Hi does anyone Know where I could get a drawing [general arrangement] of a Rumeley Oil pull tractor.  I am thinking of making a model using a Hit and miss engine.  Thanks.


----------



## johnmcc69 (Jul 6, 2020)

Well...I kind of started designing this...http://www.modelenginemaker.com/index.php/topic,9186.msg203838.html#msg203838

The only plans I could find for anything similar were Rudy's as mentioned in my post.

John


----------



## rutzen (Jul 7, 2020)

Thank you John,  are there any dimensions on those?  Which were Rudy's plans you mention?


----------



## johnmcc69 (Jul 7, 2020)

The plans "A Stirling-Powered Tractor" were published in "The shop wisdom of Rudy Kouhoupt" volume 3. Rudy mentions it is "About 1/12 Scale".
Some dimensions To give you an idea...
Frame rails 13-1/8" lg.
Rear wheel ( rims) 4-11/16 Dia. X 1-1/8 wd.
Front wheel (rims) 3-1/16 Dia. X 9/16 wd.
It can be operated to disengage the drive wheels with a lever.

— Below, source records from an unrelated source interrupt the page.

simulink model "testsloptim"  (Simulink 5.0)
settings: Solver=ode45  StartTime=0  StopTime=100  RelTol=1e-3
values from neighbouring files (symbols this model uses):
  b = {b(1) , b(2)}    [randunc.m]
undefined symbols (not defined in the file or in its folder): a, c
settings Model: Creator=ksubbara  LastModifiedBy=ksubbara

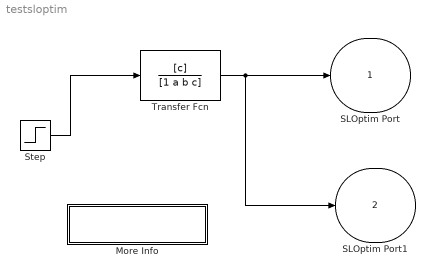
== system testsloptim ==
  More Info : Subsystem
      settings: OpenFcn=a = 0.01; b = 1; c = 0.1;
      mask Display: disp('Intialize Parameters')
  Step : Step  Time=0  SampleTime=0
  Transfer Fcn : TransferFcn  Numerator=[c]  Denominator=[1 a b c]
  SLOptim Port : Outport  InitialOutput=0  mask(SLOptim Port){GUIlocation=[0.15 0.25 0.7 0.5]}
      settings: ModelCloseFcn=sloptimModelClose  PreSaveFcn=sloptimguilocation  OpenFcn=slparoptim;
      mask Display:
      | plot([0:10],[-.5 1.5 .6 1.3 .8 1.1 .95 1.02 .99 1 1])
      | disp(['\n SLOptim_Port',get_param(gcb,'Port')]);
  SLOptim Port1 : Outport  Port=2  InitialOutput=0  mask(SLOptim Port){GUIlocation=[0.15 0.25 0.7 0.5]}
      settings: ModelCloseFcn=sloptimModelClose  PreSaveFcn=sloptimguilocation  OpenFcn=slparoptim;
      mask Display:
      | plot([0:10],[-.5 1.5 .6 1.3 .8 1.1 .95 1.02 .99 1 1])
      | disp(['\n SLOptim_Port',get_param(gcb,'Port')]);
  wires:
  Transfer Fcn/1 -> SLOptim Port1/1, SLOptim Port/1
  Step/1 -> Transfer Fcn/1

== system testsloptim/More Info ==
  note: Merge Block Demonstration
  note: This demonstration shows what happens when the output of two enabled
      | subsystems are merged together.  The output of the merge block is the last
      |  output written to the input ports of the block.
      |
      | While the simulation is running, the subsystem which is green is the one
      | whose signal is displayed on the scope. The coloring of the blocks is
      | controlled by an S-Function which exists in the enabled subsystems.  This
      | S-Function also artifically slows down the simulation by placing a short
      | pause in the S-Function.

Might be a bit small for adapting a small IC engine to, but could be scaled up. Often wondered about the "Webster"....

John

 Edit: Found this drawing I created...


----------



## fcheslop (Jul 7, 2020)

I have just been asking the same question on the Model Engineer  and was directed to Smoke Stack forum there is a bit of info but only a bit
Les Proper has one on his youtube channel
My idea was to use a flame gulper as per Les but in a larger scale to compliment my Stirling tractor
Guess i will keep looking but there is not a lot of info knocking about or I may just be unlucky
cheers
frazer


----------